# Figured Bass Question



## Minona (Mar 25, 2013)

Hello, I've got two slighly different reprints of Mozart's 'A SUCCINCT THOROUGH-BASS SCHOOL'. I know that in the original published version a smudged misprint occured at example 29 (Elgar's own copy is said to show his own correction).

However, each version I have shows a different correction: the first one (without the remark text) shows the correction marked by * with the notes confirming the figured bass symbol 6 above G to become: (G) B E (the E being the 6th and the B deriving from the original published version). All the other G's in the example with a 6 above indeed become B and E:









However, the second version (correction not marked) shows it to be corrected to (G) C F. I'm confused about how the F can be a 6th above G (#6 maybe).
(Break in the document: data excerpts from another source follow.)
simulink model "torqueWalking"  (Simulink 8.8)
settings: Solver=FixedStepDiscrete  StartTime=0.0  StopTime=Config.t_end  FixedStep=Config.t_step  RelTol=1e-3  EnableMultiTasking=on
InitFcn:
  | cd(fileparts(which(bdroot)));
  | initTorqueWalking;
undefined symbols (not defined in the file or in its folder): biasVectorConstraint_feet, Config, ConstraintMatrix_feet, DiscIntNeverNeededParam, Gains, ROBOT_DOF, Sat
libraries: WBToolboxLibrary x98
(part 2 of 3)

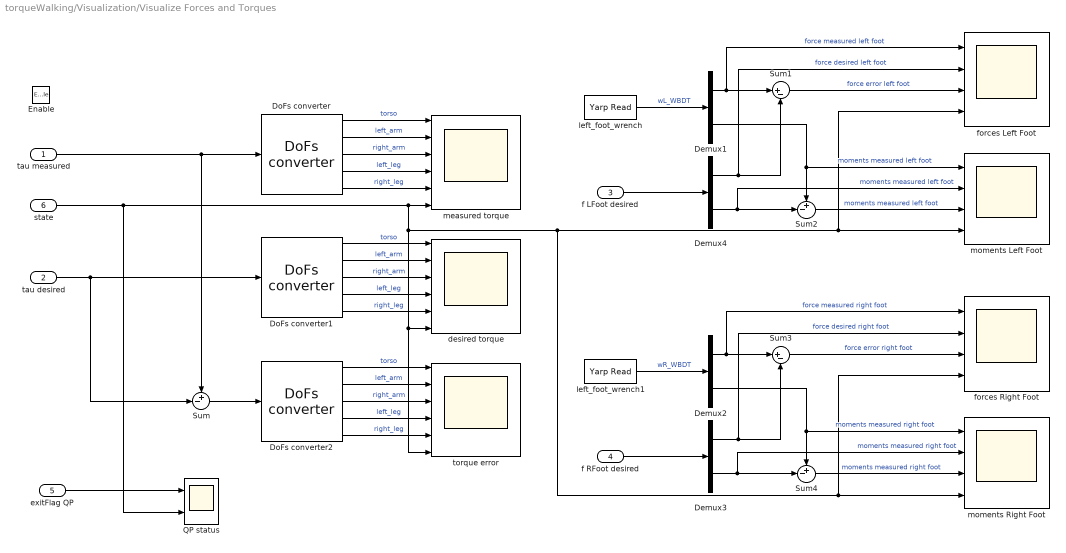
== system torqueWalking/Visualization/Visualize Forces and Torques ==
  tau measured : Inport
  tau desired : Inport  Port=2
  f LFoot desired : Inport  Port=3
  f RFoot desired : Inport  Port=4
  exitFlag QP : Inport  Port=5
  state : Inport  Port=6
  Enable : EnablePort
  Demux{1..4} (4 alike) : Demux  Outputs=[3;3]
  DoFs converter : WBToolboxLibrary/Utilities/DoFs converter  yarp2WBIOption=From WBI to YARP  robotName=WBT_robotName  localName=WBT_modelName  wbiFile=WBT_wbiFilename  wbiList=WBT_wbiList
  DoFs converter1 : WBToolboxLibrary/Utilities/DoFs converter  yarp2WBIOption=From WBI to YARP  robotName=WBT_robotName  localName=WBT_modelName  wbiFile=WBT_wbiFilename  wbiList=WBT_wbiList
  DoFs converter2 : WBToolboxLibrary/Utilities/DoFs converter  yarp2WBIOption=From WBI to YARP  robotName=WBT_robotName  localName=WBT_modelName  wbiFile=WBT_wbiFilename  wbiList=WBT_wbiList
  QP status : Scope  NumInputPorts=2
  Sum : Sum  Inputs=+-|
  Sum1 : Sum  Inputs=|+-
  Sum2 : Sum  Inputs=+-|
  Sum3 : Sum  Inputs=|+-
  Sum4 : Sum  Inputs=+-|
  desired torque : Scope  NumInputPorts=6
  forces Left Foot : Scope  NumInputPorts=4
  forces Right Foot : Scope  NumInputPorts=4
  left_foot_wrench : WBToolboxLibrary/Utilities/Yarp Read  portName=Ports.LEFT_FOOT_EXT_WRENCH  signalSize=6  blocking=off  timestamp=off  autoconnect=on  errorOnConnection=on
  left_foot_wrench1 : WBToolboxLibrary/Utilities/Yarp Read  portName=Ports.LEFT_FOOT_EXT_WRENCH  signalSize=6  blocking=off  timestamp=off  autoconnect=on  errorOnConnection=on
  measured torque : Scope  NumInputPorts=6
  moments Left Foot : Scope  NumInputPorts=4
  moments Right Foot : Scope  NumInputPorts=4
  torque error : Scope  NumInputPorts=6
  wires:
  Sum2/1 -> moments Left Foot/3  "moments measured left foot"
  state/1 -> QP status/2, torque error/6, desired torque/6, forces Right Foot/4, moments Right Foot/4, forces Left Foot/4, moments Left Foot/4, measured torque/6
  DoFs converter1/2 -> desired torque/2  "left_arm"
  Demux4/1 -> forces Left Foot/2, Sum1/2  "force desired left foot"
  DoFs converter2/1 -> torque error/1  "torso"
  DoFs converter1/4 -> desired torque/4  "left_leg"
  Demux4/2 -> moments Left Foot/2, Sum2/2  "moments measured left foot"
  DoFs converter/1 -> measured torque/1  "torso"
  DoFs converter2/3 -> torque error/3  "right_arm"
  f RFoot desired/1 -> Demux3/1
  DoFs converter1/1 -> desired torque/1  "torso"
  Sum4/1 -> moments Right Foot/3  "moments measured right foot"
  tau desired/1 -> Sum/2, DoFs converter1/1
  Demux2/1 -> forces Right Foot/1, Sum3/1  "force measured right foot"
  DoFs converter2/2 -> torque error/2  "left_arm"
  Sum3/1 -> forces Right Foot/3  "force error right foot"
  DoFs converter/5 -> measured torque/5  "right_leg"
  DoFs converter2/5 -> torque error/5  "right_leg"
  exitFlag QP/1 -> QP status/1
  left_foot_wrench/1 -> Demux1/1  "wL_WBDT"
  DoFs converter1/3 -> desired torque/3  "right_arm"
  Demux3/1 -> forces Right Foot/2, Sum3/2  "force desired right foot"
  f LFoot desired/1 -> Demux4/1
  Sum1/1 -> forces Left Foot/3  "force error left foot"
  tau measured/1 -> Sum/1, DoFs converter/1
  DoFs converter1/5 -> desired torque/5  "right_leg"
  DoFs converter/2 -> measured torque/2  "left_arm"
  DoFs converter/3 -> measured torque/3  "right_arm"
  Demux3/2 -> moments Right Foot/2, Sum4/2  "moments measured right foot"
  Sum/1 -> DoFs converter2/1
  Demux1/1 -> forces Left Foot/1, Sum1/1  "force measured left foot"
  DoFs converter/4 -> measured torque/4  "left_leg"
  Demux1/2 -> moments Left Foot/1, Sum2/1  "moments measured left foot"
  left_foot_wrench1/1 -> Demux2/1  "wR_WBDT"
  DoFs converter2/4 -> torque error/4  "left_leg"
  Demux2/2 -> moments Right Foot/1, Sum4/1  "moments measured right foot"

== system torqueWalking/Visualization/Visualize Gain Scheduling ==
  Kp_CoM : Inport
  Kd_CoM : Inport  Port=2
  Kp_LFoot : Inport  Port=3
  Kd_LFoot : Inport  Port=4
  Kp_RFoot : Inport  Port=5
  Kd_RFoot : Inport  Port=6
  Kp_rot_task : Inport  Port=7
  Kd_rot_task : Inport  Port=8
  impedances : Inport  Port=9
  dampings : Inport  Port=10
  state : Inport  Port=11
  Enable : EnablePort
  DoFs converter1 : WBToolboxLibrary/Utilities/DoFs converter  yarp2WBIOption=From WBI to YARP  robotName=WBT_robotName  localName=WBT_modelName  wbiFile=WBT_wbiFilename  wbiList=WBT_wbiList
  DoFs converter4 : WBToolboxLibrary/Utilities/DoFs converter  yarp2WBIOption=From WBI to YARP  robotName=WBT_robotName  localName=WBT_modelName  wbiFile=WBT_wbiFilename  wbiList=WBT_wbiList
  joint position gains : Scope  NumInputPorts=6
  joint valocity gains : Scope  NumInputPorts=6
  pos gains CoM : Scope  NumInputPorts=2
  pos gains LFoot : Scope  NumInputPorts=2
  pos gains RFoot : Scope  NumInputPorts=2
  pos gains rot task : Scope  NumInputPorts=2
  vel gains CoM : Scope  NumInputPorts=2
  vel gains LFoot : Scope  NumInputPorts=2
  vel gains RFoot : Scope  NumInputPorts=2
  vel gains rot task : Scope  NumInputPorts=2
  wires:
  Kp_CoM/1 -> pos gains CoM/1
  Kp_LFoot/1 -> pos gains LFoot/1
  Kp_RFoot/1 -> pos gains RFoot/1
  Kp_rot_task/1 -> pos gains rot task/1
  state/1 -> vel gains LFoot/2, pos gains LFoot/2, vel gains CoM/2, vel gains rot task/2, pos gains rot task/2, vel gains RFoot/2, joint valocity gains/6, joint position gains/6, pos gains RFoot/2, pos gains CoM/2
  Kd_CoM/1 -> vel gains CoM/1
  Kd_LFoot/1 -> vel gains LFoot/1
  Kd_RFoot/1 -> vel gains RFoot/1
  Kd_rot_task/1 -> vel gains rot task/1
  DoFs converter4/2 -> joint position gains/2  "left_arm"
  DoFs converter4/1 -> joint position gains/1  "torso"
  DoFs converter4/4 -> joint position gains/4  "left_leg"
  DoFs converter4/3 -> joint position gains/3  "right_arm"
  DoFs converter4/5 -> joint position gains/5  "right_leg"
  DoFs converter1/2 -> joint valocity gains/2  "left_arm"
  DoFs converter1/1 -> joint valocity gains/1  "torso"
  DoFs converter1/4 -> joint valocity gains/4  "left_leg"
  DoFs converter1/3 -> joint valocity gains/3  "right_arm"
  DoFs converter1/5 -> joint valocity gains/5  "right_leg"
  impedances/1 -> DoFs converter4/1
  dampings/1 -> DoFs converter1/1

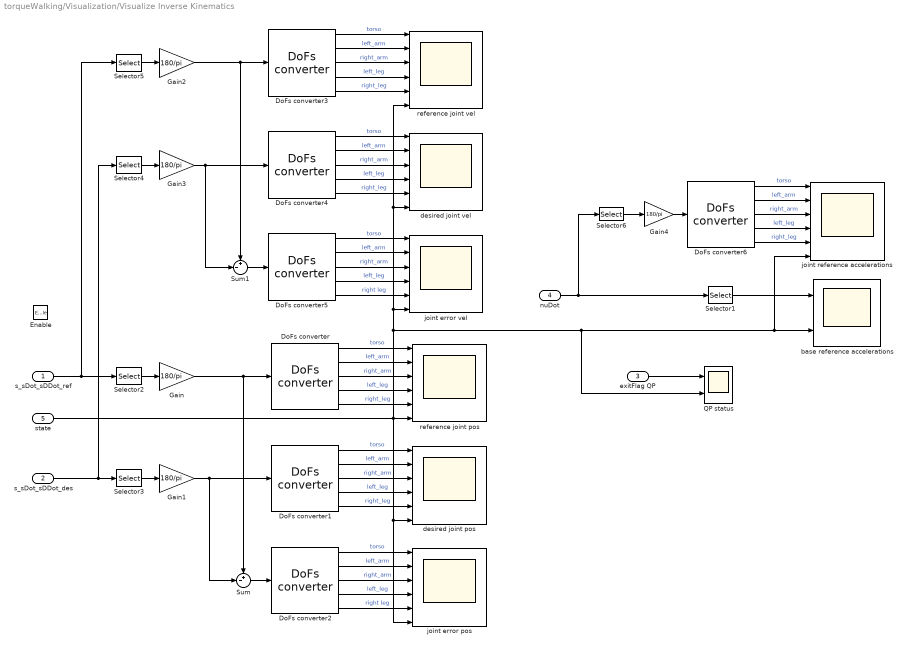
== system torqueWalking/Visualization/Visualize Inverse Kinematics ==
  s_sDot_sDDot_ref : Inport
  s_sDot_sDDot_des : Inport  Port=2
  exitFlag QP : Inport  Port=3
  nuDot : Inport  Port=4
  state : Inport  Port=5
  Enable : EnablePort
  DoFs converter{,1..6} (7 alike) : WBToolboxLibrary/Utilities/DoFs converter  yarp2WBIOption=From WBI to YARP  robotName=WBT_robotName  localName=WBT_modelName  wbiFile=WBT_wbiFilename  wbiList=WBT_wbiList
  Gain{,1..4} (5 alike) : Gain  Gain=180/pi
  QP status : Scope  NumInputPorts=2
  Selector1 : Selector  InputPortWidth=ROBOT_DOF+6  IndexOptions=Index vector (dialog)  Indices=[1:6]  OutputSizes=1
  Selector2 : Selector  NumberOfDimensions=2  InputPortWidth=ROBOT_DOF  IndexOptions=Index vector (dialog),Index vector (dialog)  Indices=[1:ROBOT_DOF],1  OutputSizes=1,1
  Selector3 : Selector  NumberOfDimensions=2  InputPortWidth=ROBOT_DOF  IndexOptions=Index vector (dialog),Index vector (dialog)  Indices=[1:ROBOT_DOF],1  OutputSizes=1,1
  Selector4 : Selector  NumberOfDimensions=2  InputPortWidth=ROBOT_DOF  IndexOptions=Index vector (dialog),Index vector (dialog)  Indices=[1:ROBOT_DOF],2  OutputSizes=1,1
  Selector5 : Selector  NumberOfDimensions=2  InputPortWidth=ROBOT_DOF  IndexOptions=Index vector (dialog),Index vector (dialog)  Indices=[1:ROBOT_DOF],2  OutputSizes=1,1
  Selector6 : Selector  InputPortWidth=ROBOT_DOF+6  IndexOptions=Index vector (dialog)  Indices=[7:ROBOT_DOF+6]  OutputSizes=1
  Sum : Sum  Inputs=+-|
  Sum1 : Sum  Inputs=+-|
  base reference accelerations : Scope  NumInputPorts=2
  desired joint pos : Scope  NumInputPorts=6
  desired joint vel : Scope  NumInputPorts=6
  joint error pos : Scope  NumInputPorts=6
  joint error vel : Scope  NumInputPorts=6
  joint reference accelerations : Scope  NumInputPorts=6
  reference joint pos : Scope  NumInputPorts=6
  reference joint vel : Scope  NumInputPorts=6
  wires:
  DoFs converter1/2 -> desired joint pos/2  "left_arm"
  DoFs converter/5 -> reference joint pos/5  "right_leg"
  DoFs converter2/1 -> joint error pos/1  "torso"
  DoFs converter/4 -> reference joint pos/4  "left_leg"
  DoFs converter/2 -> reference joint pos/2  "left_arm"
  DoFs converter1/1 -> desired joint pos/1  "torso"
  DoFs converter1/4 -> desired joint pos/4  "left_leg"
  DoFs converter1/3 -> desired joint pos/3  "right_arm"
  DoFs converter/3 -> reference joint pos/3  "right_arm"
  DoFs converter2/2 -> joint error pos/2  "left_arm"
  DoFs converter/1 -> reference joint pos/1  "torso"
  DoFs converter1/5 -> desired joint pos/5  "right_leg"
  DoFs converter2/4 -> joint error pos/4  "left_leg"
  Sum/1 -> DoFs converter2/1
  DoFs converter2/3 -> joint error pos/3  "right_arm"
  Gain/1 -> Sum/1, DoFs converter/1
  Gain1/1 -> Sum/2, DoFs converter1/1
  DoFs converter4/2 -> desired joint vel/2  "left_arm"
  DoFs converter3/5 -> reference joint vel/5  "right_leg"
  DoFs converter5/1 -> joint error vel/1  "torso"
  DoFs converter3/4 -> reference joint vel/4  "left_leg"
  DoFs converter3/2 -> reference joint vel/2  "left_arm"
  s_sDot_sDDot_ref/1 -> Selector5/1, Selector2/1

If there are any figured bass experts here, anyone who would know for certain, please could you confirm which is correct and which is in error (and why).

Thank you!


----------



## Klavierspieler (Jul 16, 2011)

The first version is correct. The second version is merely the uncorrected version.


----------



## Novelette (Dec 12, 2012)

Edit: Klavierspieler already answered. I posted before seeing this response.


----------



## Minona (Mar 25, 2013)

Thanks. I bought the corrected version from Lulu, whereas it remains uncorrected elsewhere, so at least I didn't waste my money!


----------